16th September: Look who’s back: Bill Gates reclaimed his position as the world’s richest

man from Mexican investor Carlos Slim. Gates has a net worth of 77.2 billion dollars,

according to Bloomberg.

1st October: The government refuses to work (at all): The United States government shut

down for 16 days after Congressional Republicans tried to defund Obamacare. 800,000

workers were sent home: the total cost to the economy was 24 billion dollars.
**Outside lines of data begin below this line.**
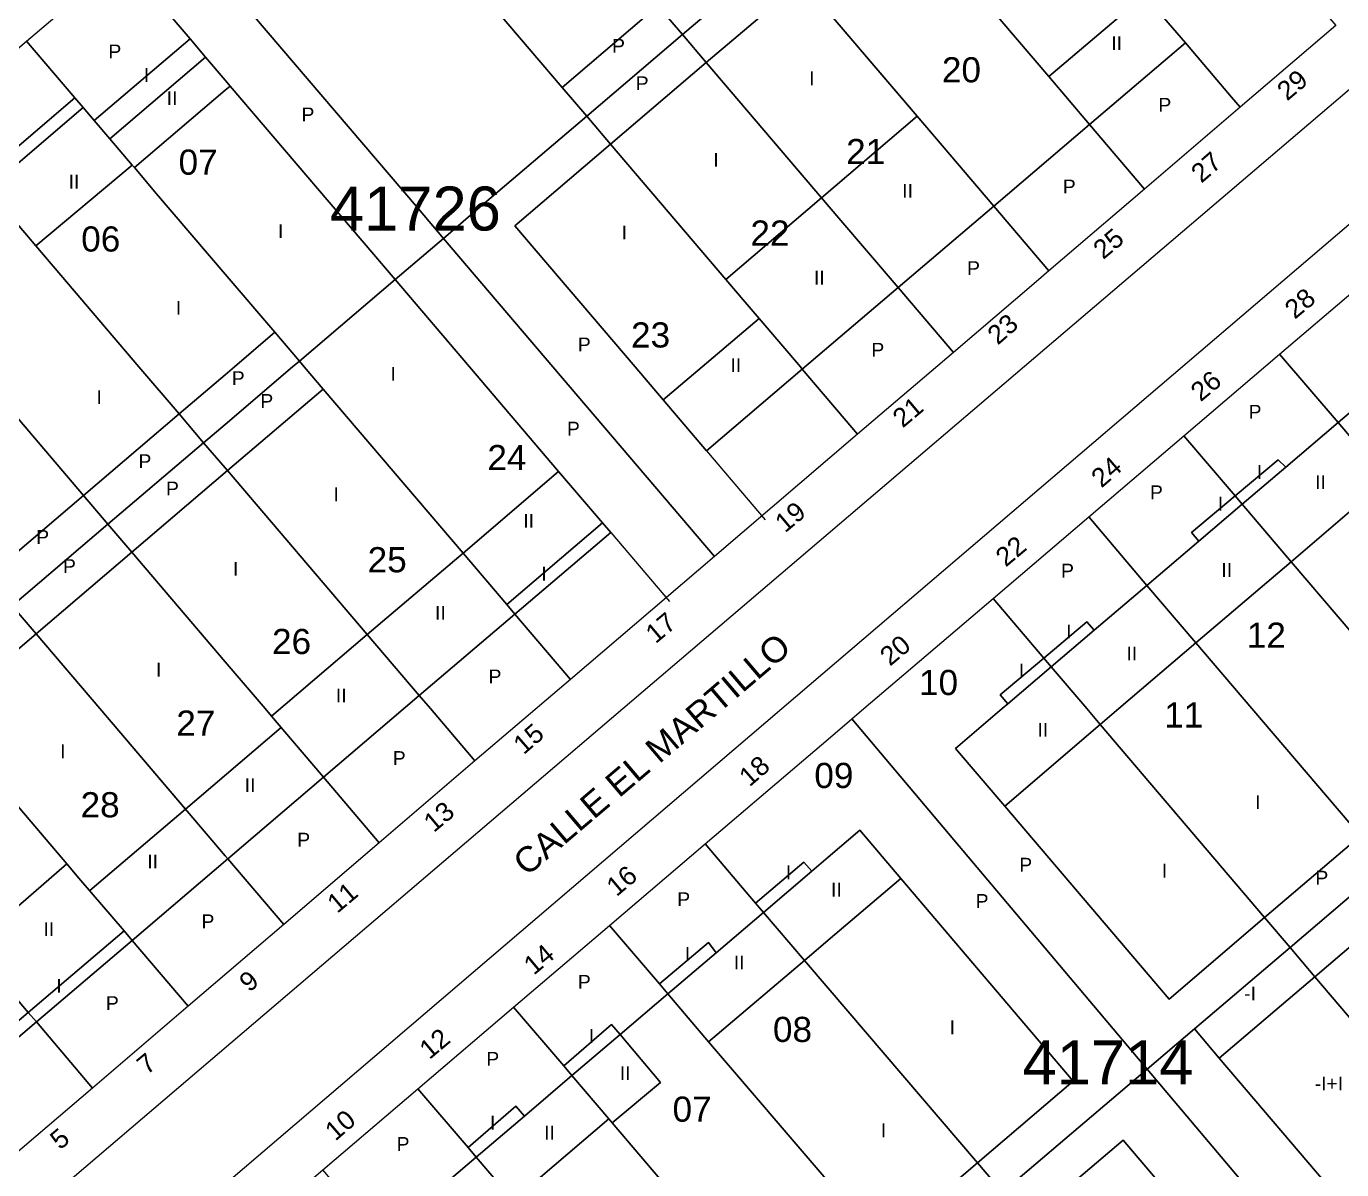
# Model space of a CAD drawing. Header units: millimetres. Extents: x 2440 to 3220, y 1839 to 2413.
# Drawn here: x 2539.5 to 2644.1, y 2233.9 to 2324.8 of the extents above; entities that cross this region are included whole.
import ezdxf
from ezdxf.enums import TextEntityAlignment as Align

# ---------------------------------------------------------------- set-up
doc = ezdxf.new("R2010")
doc.units = ezdxf.units.MM
for name, color, linetype in [('140200', 6, 'Continuous'), ('145101', 6, 'Continuous'), ('145201', 1, 'Continuous'), ('160132', 8, 'Continuous'), ('BORDILLO', 8, 'Continuous'), ('PG-AA', 8, 'Continuous'), ('PG-LI', 4, 'Continuous'), ('PG-LP', 6, 'Continuous'), ('TXT_CALLE', 7, 'Continuous'), ('TXT_NUM_POLICIA', 7, 'Continuous')]:
    doc.layers.add(name, color=color, linetype=linetype)
doc.styles.add('Arial', font='Arial Regular.ttf')
doc.styles.get("Standard").update_dxf_attribs({"font": 'ARIAL.TTF'})

msp = doc.modelspace()

# ---------------------------------------------------------------- linework, layer by layer
at = {"layer": '140200'}
for points in [[(2574.51, 2344.33), (2570.02, 2349.6), (2577.63, 2356.09), (2581.6, 2351.43), (2582.12, 2350.82), (2585.94, 2346.34), (2587.96, 2343.97), (2597.36, 2332.94), (2599.31, 2330.65), (2591.7, 2324.17), (2589.75, 2326.45), (2580.34, 2337.48), (2574.51, 2344.33), (2574.51, 2344.33)], [(2566.89, 2337.84), (2562.4, 2343.11), (2570.02, 2349.6), (2574.51, 2344.33), (2580.34, 2337.48), (2589.75, 2326.45), (2591.7, 2324.17), (2584.09, 2317.68), (2582.14, 2319.96), (2572.73, 2331), (2570.14, 2334.03), (2566.89, 2337.84), (2566.89, 2337.84)], [(2636.03, 2318.39), (2635.35, 2319.2), (2631.68, 2323.5), (2628.44, 2327.31), (2616.43, 2341.39), (2614.53, 2343.63), (2622.14, 2350.11), (2624.05, 2347.87), (2635.35, 2334.61), (2639.29, 2329.99), (2643.63, 2324.89), (2636.03, 2318.39), (2636.03, 2318.39)], [(2628.43, 2311.89), (2624.07, 2317.02), (2620.83, 2320.83), (2608.82, 2334.91), (2606.92, 2337.14), (2614.53, 2343.63), (2616.43, 2341.39), (2628.44, 2327.31), (2631.68, 2323.5), (2635.35, 2319.2), (2636.03, 2318.39), (2628.43, 2311.89), (2628.43, 2311.89)], [(2555.35, 2328.33), (2551.02, 2333.41), (2555.35, 2337.1), (2562.4, 2343.11), (2566.89, 2337.84), (2570.14, 2334.03), (2572.73, 2331), (2582.14, 2319.96), (2584.09, 2317.68), (2575.44, 2310.31), (2572.7, 2307.97), (2570.71, 2310.31), (2555.35, 2328.33), (2555.35, 2328.33)], [(2620.84, 2305.39), (2616.46, 2310.54), (2611.74, 2316.07), (2601.21, 2328.42), (2599.31, 2330.65), (2606.92, 2337.14), (2608.82, 2334.91), (2620.83, 2320.83), (2624.07, 2317.02), (2628.43, 2311.89), (2620.84, 2305.39), (2620.84, 2305.39)], [(2543.41, 2319.14), (2539.56, 2323.65), (2547.18, 2330.14), (2551.02, 2333.41), (2555.35, 2328.33), (2570.71, 2310.31), (2572.7, 2307.97), (2568.86, 2304.7), (2561.25, 2298.21), (2559.3, 2300.5), (2555.35, 2305.13), (2549.89, 2311.52), (2548.13, 2313.59), (2547.95, 2313.8), (2546.18, 2315.88), (2544.94, 2317.33), (2544.06, 2318.37), (2543.41, 2319.14), (2543.41, 2319.14)], [(2613.24, 2298.9), (2608.84, 2304.05), (2604.13, 2309.58), (2593.6, 2321.94), (2591.7, 2324.17), (2599.31, 2330.65), (2601.21, 2328.42), (2611.74, 2316.07), (2616.46, 2310.54), (2620.84, 2305.39), (2619.81, 2304.51), (2613.24, 2298.9), (2613.24, 2298.9)], [(2535.8, 2312.66), (2531.95, 2317.17), (2539.56, 2323.65), (2543.41, 2319.14), (2544.06, 2318.37), (2544.94, 2317.33), (2546.18, 2315.88), (2547.95, 2313.8), (2548.13, 2313.59), (2549.89, 2311.52), (2555.35, 2305.13), (2559.3, 2300.5), (2561.25, 2298.21), (2560.71, 2297.75), (2555.35, 2293.18), (2553.64, 2291.72), (2551.69, 2294.01), (2548.5, 2297.75), (2542.29, 2305.04), (2540.31, 2307.37), (2536.45, 2311.89), (2535.8, 2312.66), (2535.8, 2312.66)], [(2605.63, 2292.4), (2601.23, 2297.57), (2601.08, 2297.75), (2597.79, 2301.6), (2596.52, 2303.09), (2585.99, 2315.45), (2584.09, 2317.68), (2591.7, 2324.17), (2593.6, 2321.94), (2604.13, 2309.58), (2608.84, 2304.05), (2613.24, 2298.9), (2605.63, 2292.4), (2605.63, 2292.4)], [(2594.25, 2282.68), (2581.41, 2297.75), (2572.7, 2307.97), (2575.44, 2310.31), (2584.09, 2317.68), (2585.99, 2315.45), (2596.52, 2303.09), (2597.79, 2301.6), (2601.08, 2297.75), (2601.23, 2297.57), (2605.63, 2292.4), (2594.25, 2282.68), (2594.25, 2282.68)], [(2528.85, 2305.41), (2524.35, 2310.68), (2531.95, 2317.17), (2535.8, 2312.66), (2536.45, 2311.89), (2540.31, 2307.37), (2542.29, 2305.04), (2548.5, 2297.75), (2551.69, 2294.01), (2553.64, 2291.72), (2546.03, 2285.24), (2544.08, 2287.53), (2535.38, 2297.75), (2534.69, 2298.56), (2531.74, 2302.02), (2528.85, 2305.41), (2528.85, 2305.41)], [(2521.23, 2298.92), (2516.74, 2304.19), (2524.35, 2310.68), (2528.85, 2305.41), (2531.74, 2302.02), (2534.69, 2298.56), (2535.38, 2297.75), (2544.08, 2287.53), (2546.03, 2285.24), (2538.42, 2278.75), (2536.47, 2281.04), (2527.07, 2292.07), (2524.19, 2295.45), (2522.23, 2297.75), (2521.23, 2298.92), (2521.23, 2298.92)], [(2582.81, 2272.91), (2578.39, 2278.1), (2577.75, 2278.85), (2574.26, 2282.95), (2563.15, 2295.98), (2561.64, 2297.75), (2561.25, 2298.21), (2568.86, 2304.7), (2572.7, 2307.97), (2581.41, 2297.75), (2594.25, 2282.68), (2582.81, 2272.91), (2582.81, 2272.91)], [(2643.82, 2293.32), (2639.17, 2298.76), (2645.03, 2303.75), (2646.79, 2305.25), (2648.07, 2303.75), (2650.86, 2300.47), (2651.43, 2299.8), (2655.31, 2295.25), (2668.39, 2279.9), (2670.42, 2277.52), (2662.81, 2271.03), (2660.78, 2273.41), (2647.7, 2288.76), (2643.82, 2293.32), (2643.82, 2293.32)], [(2635.63, 2287.5), (2631.56, 2292.28), (2639.17, 2298.76), (2643.82, 2293.32), (2647.7, 2288.76), (2660.78, 2273.41), (2662.81, 2271.03), (2662.28, 2270.58), (2655.19, 2264.54), (2653.17, 2266.92), (2650.05, 2270.58), (2640.09, 2282.26), (2636.2, 2286.83), (2635.63, 2287.5), (2635.63, 2287.5)], [(2575.21, 2266.42), (2571.67, 2270.58), (2570.78, 2271.62), (2566.65, 2276.47), (2555.54, 2289.5), (2555.35, 2289.72), (2553.64, 2291.72), (2555.35, 2293.18), (2560.71, 2297.75), (2561.25, 2298.21), (2561.64, 2297.75), (2563.15, 2295.98), (2574.26, 2282.95), (2577.75, 2278.85), (2578.39, 2278.1), (2582.81, 2272.91), (2581.92, 2272.15), (2575.21, 2266.42), (2575.21, 2266.42)], [(2628.63, 2280.38), (2624, 2285.83), (2631.56, 2292.28), (2635.63, 2287.5), (2636.2, 2286.83), (2640.09, 2282.26), (2650.05, 2270.58), (2653.17, 2266.92), (2655.19, 2264.54), (2647.61, 2258.08), (2645.59, 2260.46), (2636.97, 2270.58), (2632.52, 2275.81), (2628.63, 2280.38), (2628.63, 2280.38)], [(2567.6, 2259.91), (2563.17, 2265.13), (2559.93, 2268.93), (2559.04, 2269.98), (2558.53, 2270.58), (2555.35, 2274.31), (2547.93, 2283.01), (2546.03, 2285.24), (2553.64, 2291.72), (2555.35, 2289.72), (2555.54, 2289.5), (2566.65, 2276.47), (2570.78, 2271.62), (2571.67, 2270.58), (2575.21, 2266.42), (2567.6, 2259.91), (2567.6, 2259.91)], [(2620.43, 2274.6), (2616.39, 2279.34), (2624, 2285.83), (2628.63, 2280.38), (2632.52, 2275.81), (2636.97, 2270.58), (2645.59, 2260.46), (2647.61, 2258.08), (2640, 2251.6), (2637.98, 2253.97), (2624.92, 2269.32), (2623.85, 2270.58), (2621.02, 2273.9), (2620.43, 2274.6), (2620.43, 2274.6)], [(2560.01, 2253.42), (2555.56, 2258.64), (2555.35, 2258.89), (2552.32, 2262.44), (2545.38, 2270.58), (2540.32, 2276.52), (2538.42, 2278.75), (2546.03, 2285.24), (2547.93, 2283.01), (2555.35, 2274.31), (2558.53, 2270.58), (2559.04, 2269.98), (2559.93, 2268.93), (2563.17, 2265.13), (2567.6, 2259.91), (2560.01, 2253.42), (2560.01, 2253.42)], [(2552.41, 2246.92), (2547.95, 2252.16), (2547.31, 2252.92), (2544.71, 2255.96), (2543.73, 2257.11), (2542.76, 2258.24), (2532.71, 2270.03), (2532.24, 2270.58), (2530.81, 2272.26), (2538.42, 2278.75), (2540.32, 2276.52), (2545.38, 2270.58), (2552.32, 2262.44), (2555.35, 2258.89), (2555.56, 2258.64), (2560.01, 2253.42), (2552.41, 2246.92), (2552.41, 2246.92)], [(2628.65, 2241.93), (2605.17, 2269.77), (2606.12, 2270.58), (2608.78, 2272.85), (2616.39, 2279.34), (2620.43, 2274.6), (2621.02, 2273.9), (2623.85, 2270.58), (2624.92, 2269.32), (2637.98, 2253.97), (2640, 2251.6), (2632.4, 2245.12), (2628.65, 2241.93), (2628.65, 2241.93)], [(2544.81, 2240.42), (2540.34, 2245.67), (2539.69, 2246.43), (2536.12, 2250.63), (2535.21, 2251.7), (2525.11, 2263.55), (2523.2, 2265.78), (2528.84, 2270.58), (2530.81, 2272.26), (2532.24, 2270.58), (2532.71, 2270.03), (2542.76, 2258.24), (2543.73, 2257.11), (2544.71, 2255.96), (2547.31, 2252.92), (2547.95, 2252.16), (2552.41, 2246.92), (2544.81, 2240.42), (2544.81, 2240.42)], [(2597.51, 2255.12), (2593.5, 2259.82), (2601.17, 2266.36), (2603.28, 2268.16), (2605.17, 2269.77), (2628.65, 2241.93), (2624.75, 2238.61), (2617.15, 2232.13), (2615.15, 2234.48), (2603.28, 2248.37), (2601.4, 2250.57), (2598.14, 2254.38), (2597.51, 2255.12), (2597.51, 2255.12)], [(2537.21, 2233.93), (2532.73, 2239.18), (2532.08, 2239.94), (2530.79, 2241.46), (2528.5, 2244.14), (2527.54, 2245.27), (2517.49, 2257.06), (2515.59, 2259.29), (2523.2, 2265.78), (2525.11, 2263.55), (2535.21, 2251.7), (2536.12, 2250.63), (2539.69, 2246.43), (2540.34, 2245.67), (2544.81, 2240.42), (2540.3, 2236.57), (2537.21, 2233.93), (2537.21, 2233.93)], [(2589.87, 2248.69), (2585.89, 2253.34), (2593.5, 2259.82), (2597.51, 2255.12), (2598.14, 2254.38), (2601.4, 2250.57), (2603.28, 2248.37), (2615.15, 2234.48), (2617.15, 2232.13), (2609.54, 2225.65), (2607.54, 2227.99), (2603.28, 2232.98), (2593.78, 2244.1), (2590.54, 2247.9), (2589.87, 2248.69), (2589.87, 2248.69)], [(2641.98, 2249.27), (2640, 2251.6), (2647.61, 2258.08), (2649.59, 2255.76), (2666.55, 2235.82), (2671.31, 2230.22), (2663.7, 2223.73), (2659.48, 2228.7), (2658.94, 2229.33), (2651.75, 2237.78), (2641.98, 2249.27), (2641.98, 2249.27)], [(2582.26, 2242.18), (2578.28, 2246.85), (2585.89, 2253.34), (2589.87, 2248.69), (2590.54, 2247.9), (2593.78, 2244.1), (2603.28, 2232.98), (2607.54, 2227.99), (2609.54, 2225.65), (2607.31, 2223.75), (2603.28, 2220.32), (2601.89, 2219.14), (2599.91, 2221.47), (2597.97, 2223.75), (2586.12, 2237.65), (2585.85, 2237.97), (2582.92, 2241.41), (2582.26, 2242.18), (2582.26, 2242.18)], [(2643.98, 2223.75), (2628.65, 2241.93), (2632.4, 2245.12), (2640, 2251.6), (2641.98, 2249.27), (2651.75, 2237.78), (2658.94, 2229.33), (2659.48, 2228.7), (2663.7, 2223.73), (2652.23, 2213.96), (2643.98, 2223.75), (2643.98, 2223.75)], [(2574.66, 2235.68), (2570.67, 2240.36), (2578.28, 2246.85), (2582.26, 2242.18), (2582.92, 2241.41), (2585.85, 2237.97), (2586.12, 2237.65), (2597.97, 2223.75), (2599.91, 2221.47), (2601.89, 2219.14), (2594.28, 2212.65), (2592.3, 2214.97), (2584.82, 2223.75), (2578.24, 2231.48), (2575.31, 2234.92), (2574.66, 2235.68), (2574.66, 2235.68)], [(2619.14, 2229.8), (2617.15, 2232.13), (2624.75, 2238.61), (2628.65, 2241.93), (2643.98, 2223.75), (2652.23, 2213.96), (2640.91, 2204.31), (2636.75, 2209.19), (2636.11, 2209.94), (2632.19, 2214.53), (2624.31, 2223.75), (2619.14, 2229.8), (2619.14, 2229.8)], [(2567.06, 2229.28), (2563.11, 2233.92), (2570.67, 2240.36), (2574.66, 2235.68), (2575.31, 2234.92), (2578.24, 2231.48), (2584.82, 2223.75), (2592.3, 2214.97), (2594.28, 2212.65), (2586.7, 2206.19), (2584.73, 2208.51), (2571.76, 2223.75), (2570.67, 2225.03), (2567.74, 2228.47), (2567.06, 2229.28), (2567.06, 2229.28)]]:
    msp.add_lwpolyline(points, dxfattribs=at)
at = {"layer": '160132'}
for p, q in [((2593.62, 2291.08), (2598.28, 2285.6)), ((2586, 2284.58), (2590.66, 2279.11))]:
    msp.add_line(p, q, dxfattribs=at)
at = {"layer": 'BORDILLO'}
for points in [[(2520.3, 2213.75), (2586.96, 2270.58), (2670.39, 2341.71)], [(2550.29, 2171.18), (2527.06, 2198.05), (2525.02, 2200.6), (2524.52, 2201.87), (2524.23, 2202.98), (2524.3, 2204.09), (2524.82, 2205.84), (2525.58, 2207.12), (2526.3, 2207.87), (2527.24, 2208.79), (2599.6, 2270.58), (2677.08, 2336.75), (2678.11, 2337.31), (2679.53, 2337.91), (2681.22, 2338.14), (2682.75, 2338.05), (2684.36, 2337.51), (2685.02, 2337.03), (2687.61, 2334.82), (2686.28, 2333.14), (2707.36, 2315.18), (2736.55, 2290.3)]]:
    msp.add_lwpolyline(points, dxfattribs=at)
at = {"layer": 'PG-LI'}
for points in [[(2636.03, 2318.39), (2635.35, 2319.2), (2631.68, 2323.5), (2628.44, 2327.31), (2616.43, 2341.39), (2614.53, 2343.63), (2622.14, 2350.11), (2624.05, 2347.87), (2635.35, 2334.61), (2639.29, 2329.99), (2643.63, 2324.89), (2636.03, 2318.39), (2636.03, 2318.39)], [(2570.14, 2334.03), (2573.73, 2337.11), (2570.48, 2340.9), (2574.51, 2344.33), (2580.34, 2337.48), (2589.75, 2326.45), (2582.14, 2319.96), (2572.73, 2331), (2570.14, 2334.03), (2570.14, 2334.03)], [(2551.02, 2333.41), (2555.35, 2337.1), (2562.4, 2343.11), (2566.89, 2337.84), (2570.14, 2334.03), (2572.73, 2331), (2582.14, 2319.96), (2584.09, 2317.68), (2575.44, 2310.31), (2572.7, 2307.97), (2570.71, 2310.31), (2555.35, 2328.33), (2551.02, 2333.41), (2551.02, 2333.41)], [(2608.82, 2334.91), (2616.43, 2341.39), (2628.44, 2327.31), (2620.83, 2320.83), (2608.82, 2334.91), (2608.82, 2334.91)], [(2601.21, 2328.42), (2608.82, 2334.91), (2620.83, 2320.83), (2624.07, 2317.02), (2616.46, 2310.54), (2611.74, 2316.07), (2601.21, 2328.42), (2601.21, 2328.42)], [(2547.18, 2330.14), (2551.02, 2333.41), (2555.35, 2328.33), (2570.71, 2310.31), (2572.7, 2307.97), (2568.86, 2304.7), (2555.75, 2320.08), (2555.35, 2320.55), (2553.8, 2322.37), (2552.56, 2323.82), (2547.18, 2330.14), (2547.18, 2330.14)], [(2589.75, 2326.45), (2597.36, 2332.94), (2599.31, 2330.65), (2591.7, 2324.17), (2589.75, 2326.45), (2589.75, 2326.45)], [(2539.56, 2323.65), (2547.18, 2330.14), (2552.56, 2323.82), (2544.94, 2317.33), (2544.06, 2318.37), (2543.41, 2319.14), (2539.56, 2323.65), (2539.56, 2323.65)], [(2593.6, 2321.94), (2591.7, 2324.17), (2599.31, 2330.65), (2601.21, 2328.42), (2593.6, 2321.94), (2593.6, 2321.94)], [(2602.75, 2311.2), (2593.6, 2321.94), (2601.21, 2328.42), (2610.36, 2317.69), (2602.75, 2311.2), (2602.75, 2311.2)], [(2620.83, 2320.83), (2628.44, 2327.31), (2631.68, 2323.5), (2624.07, 2317.02), (2620.83, 2320.83), (2620.83, 2320.83)], [(2582.14, 2319.96), (2589.75, 2326.45), (2591.7, 2324.17), (2584.09, 2317.68), (2582.14, 2319.96), (2582.14, 2319.96)], [(2531.95, 2317.17), (2539.56, 2323.65), (2543.41, 2319.14), (2535.8, 2312.66), (2531.95, 2317.17), (2531.95, 2317.17)], [(2544.94, 2317.33), (2552.56, 2323.82), (2553.8, 2322.37), (2546.18, 2315.88), (2544.94, 2317.33), (2544.94, 2317.33)], [(2585.99, 2315.45), (2584.09, 2317.68), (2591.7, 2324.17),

1st October: United States federal government shutdown of 2013: The shutdown set off a

chain reaction of concerns and market uncertainties. According to a White House Office

of Management and Budget report, the cost of furloughs in lost productivity alone tallied

up to $2 billion.

7th November: Tweeting in the market: Twitter launched its IPO amidst wide publicity but

also caution after the initial disappointment with Facebook shares. The Twitter IPO raised

$1.8 billion compared to Facebook’s $16 billion. Will social media be able to remain

popular with users and investors at the same time?

26th November: Holy admonition: The first non-European pontiff in 1300 years, Pope

Francis called unfettered capitalism “a new tyranny” and asked global leaders to

guarantee education and healthcare. It remains to be seen if this will shift the debate in

issues such as universal healthcare in the US.

29th November: Nano's marketing as a cheap car, a mistake- Ratan Tata: Ratan Tata

admitted that positioning Nano as the cheapest car was a mistake committed by the

company as it has not helped the matters as far as marketing of the car is concerned.

3rd December: Detroit’s Bankruptcy: On December 3, Detroit’s bankruptcy petition was

ruled in Federal Bankruptcy Court by Steven Rhodes. Judge Rhodes allowed the city to

file for bankruptcy protection, cutting out a giant chunk of its debt — billions in fact. This

has some, including Detroit city mayor, David Bing, optimistic about the suffering city’s

economic future.

10th December: Weeding out criminalization: Uruguay became the first country in the

world to legalise the sale, cultivation and distribution of cannabis. The government will

control the entire production process: even sale will be tightly regulated. Uruguay

expects to see a fall in drug trafficking profits.

25th December: Indian economy recorded the worst slump in more than a decade: The

Indian economy which is worth $1.8-trillion has experienced its worst slump in more than a

decade where the growth hovered below 5% for four consecutive quarters. Though the

experts believe that the grim days are over and economy will now progress further to a

higher rate of expansion. The country’s GDP in the first 3 quarters increased below 5% that

is 4.8%, 4.4 % and 4.8% respectively.